| Requirement |
From the first line to the last, output the records exactly and drop any images.

| Data shown |
****
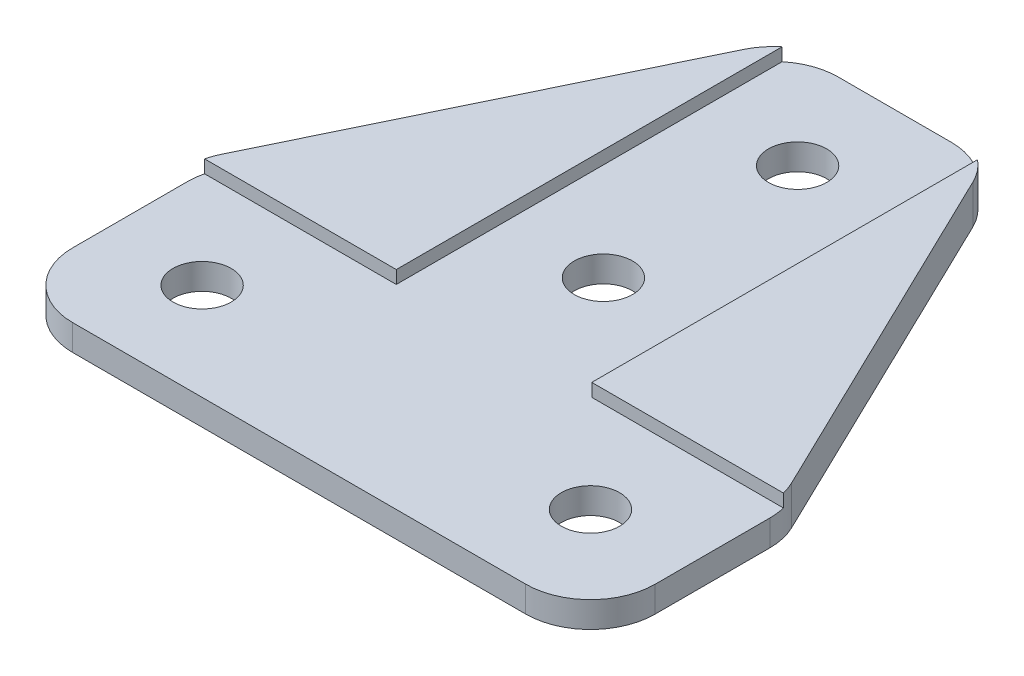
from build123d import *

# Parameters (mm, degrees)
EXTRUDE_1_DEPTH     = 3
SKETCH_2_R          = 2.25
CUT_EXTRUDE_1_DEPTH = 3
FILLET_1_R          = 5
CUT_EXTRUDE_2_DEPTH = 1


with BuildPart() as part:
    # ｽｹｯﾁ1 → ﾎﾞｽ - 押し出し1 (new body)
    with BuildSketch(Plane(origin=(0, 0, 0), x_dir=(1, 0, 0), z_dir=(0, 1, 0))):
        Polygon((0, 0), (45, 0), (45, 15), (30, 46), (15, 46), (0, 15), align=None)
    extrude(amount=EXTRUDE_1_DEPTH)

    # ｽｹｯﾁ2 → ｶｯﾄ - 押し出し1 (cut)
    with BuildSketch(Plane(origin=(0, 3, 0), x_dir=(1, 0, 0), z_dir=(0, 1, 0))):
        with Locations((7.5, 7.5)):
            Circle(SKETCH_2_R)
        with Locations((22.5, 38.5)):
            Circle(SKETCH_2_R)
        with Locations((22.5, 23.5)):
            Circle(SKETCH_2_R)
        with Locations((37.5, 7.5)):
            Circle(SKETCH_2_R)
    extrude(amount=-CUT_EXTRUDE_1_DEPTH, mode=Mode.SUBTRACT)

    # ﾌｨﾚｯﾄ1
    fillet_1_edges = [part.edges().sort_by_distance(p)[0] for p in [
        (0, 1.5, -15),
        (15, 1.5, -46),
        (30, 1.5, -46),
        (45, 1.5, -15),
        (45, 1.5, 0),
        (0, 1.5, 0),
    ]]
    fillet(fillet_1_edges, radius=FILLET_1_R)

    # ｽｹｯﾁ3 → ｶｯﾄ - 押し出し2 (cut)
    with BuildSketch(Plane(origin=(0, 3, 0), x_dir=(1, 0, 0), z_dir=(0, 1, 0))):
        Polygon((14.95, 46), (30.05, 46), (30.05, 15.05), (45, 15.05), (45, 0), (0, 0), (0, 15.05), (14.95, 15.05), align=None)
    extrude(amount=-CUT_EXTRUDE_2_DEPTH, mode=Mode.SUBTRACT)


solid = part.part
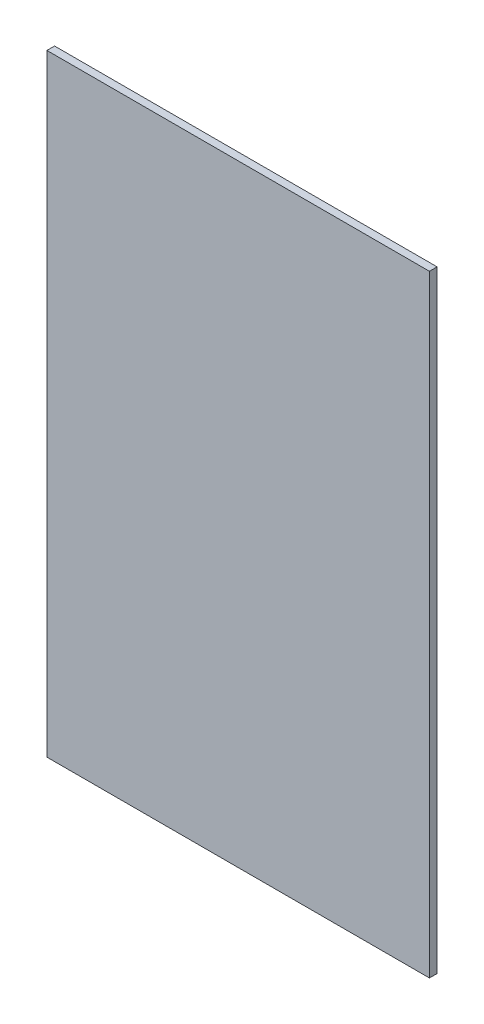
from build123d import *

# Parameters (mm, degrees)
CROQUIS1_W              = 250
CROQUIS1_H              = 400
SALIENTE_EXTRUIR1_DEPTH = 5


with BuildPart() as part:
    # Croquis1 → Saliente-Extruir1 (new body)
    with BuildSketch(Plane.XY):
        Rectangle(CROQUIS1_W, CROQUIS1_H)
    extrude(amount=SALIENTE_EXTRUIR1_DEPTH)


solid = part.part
****
| Result below |
from build123d import *

# Parameters (mm, degrees)
EXTRUDE_1_DEPTH     = 3
SKETCH_2_R          = 2.25
CUT_EXTRUDE_1_DEPTH = 3
FILLET_1_R          = 5
CUT_EXTRUDE_2_DEPTH = 1


with BuildPart() as part:
    # ｽｹｯﾁ1 → ﾎﾞｽ - 押し出し1 (new body)
    with BuildSketch(Plane(origin=(0, 0, 0), x_dir=(1, 0, 0), z_dir=(0, 1, 0))):
        Polygon((0, 0), (45, 0), (45, 15), (30, 46), (15, 46), (0, 15), align=None)
    extrude(amount=EXTRUDE_1_DEPTH)

    # ｽｹｯﾁ2 → ｶｯﾄ - 押し出し1 (cut)
    with BuildSketch(Plane(origin=(0, 3, 0), x_dir=(1, 0, 0), z_dir=(0, 1, 0))):
        with Locations((7.5, 7.5)):
            Circle(SKETCH_2_R)
        with Locations((22.5, 38.5)):
            Circle(SKETCH_2_R)
        with Locations((22.5, 23.5)):
            Circle(SKETCH_2_R)
        with Locations((37.5, 7.5)):
            Circle(SKETCH_2_R)
    extrude(amount=-CUT_EXTRUDE_1_DEPTH, mode=Mode.SUBTRACT)

    # ﾌｨﾚｯﾄ1
    fillet_1_edges = [part.edges().sort_by_distance(p)[0] for p in [
        (0, 1.5, -15),
        (15, 1.5, -46),
        (30, 1.5, -46),
        (45, 1.5, -15),
        (45, 1.5, 0),
        (0, 1.5, 0),
    ]]
    fillet(fillet_1_edges, radius=FILLET_1_R)

    # ｽｹｯﾁ3 → ｶｯﾄ - 押し出し2 (cut)
    with BuildSketch(Plane(origin=(0, 3, 0), x_dir=(1, 0, 0), z_dir=(0, 1, 0))):
        Polygon((14.95, 46), (30.05, 46), (30.05, 15.05), (45, 15.05), (45, 0), (0, 0), (0, 15.05), (14.95, 15.05), align=None)
    extrude(amount=-CUT_EXTRUDE_2_DEPTH, mode=Mode.SUBTRACT)


solid = part.part
from build123d import *

# Parameters (mm, degrees)
CROQUIS1_W              = 250
CROQUIS1_H              = 400
SALIENTE_EXTRUIR1_DEPTH = 5


with BuildPart() as part:
    # Croquis1 → Saliente-Extruir1 (new body)
    with BuildSketch(Plane.XY):
        Rectangle(CROQUIS1_W, CROQUIS1_H)
    extrude(amount=SALIENTE_EXTRUIR1_DEPTH)


solid = part.part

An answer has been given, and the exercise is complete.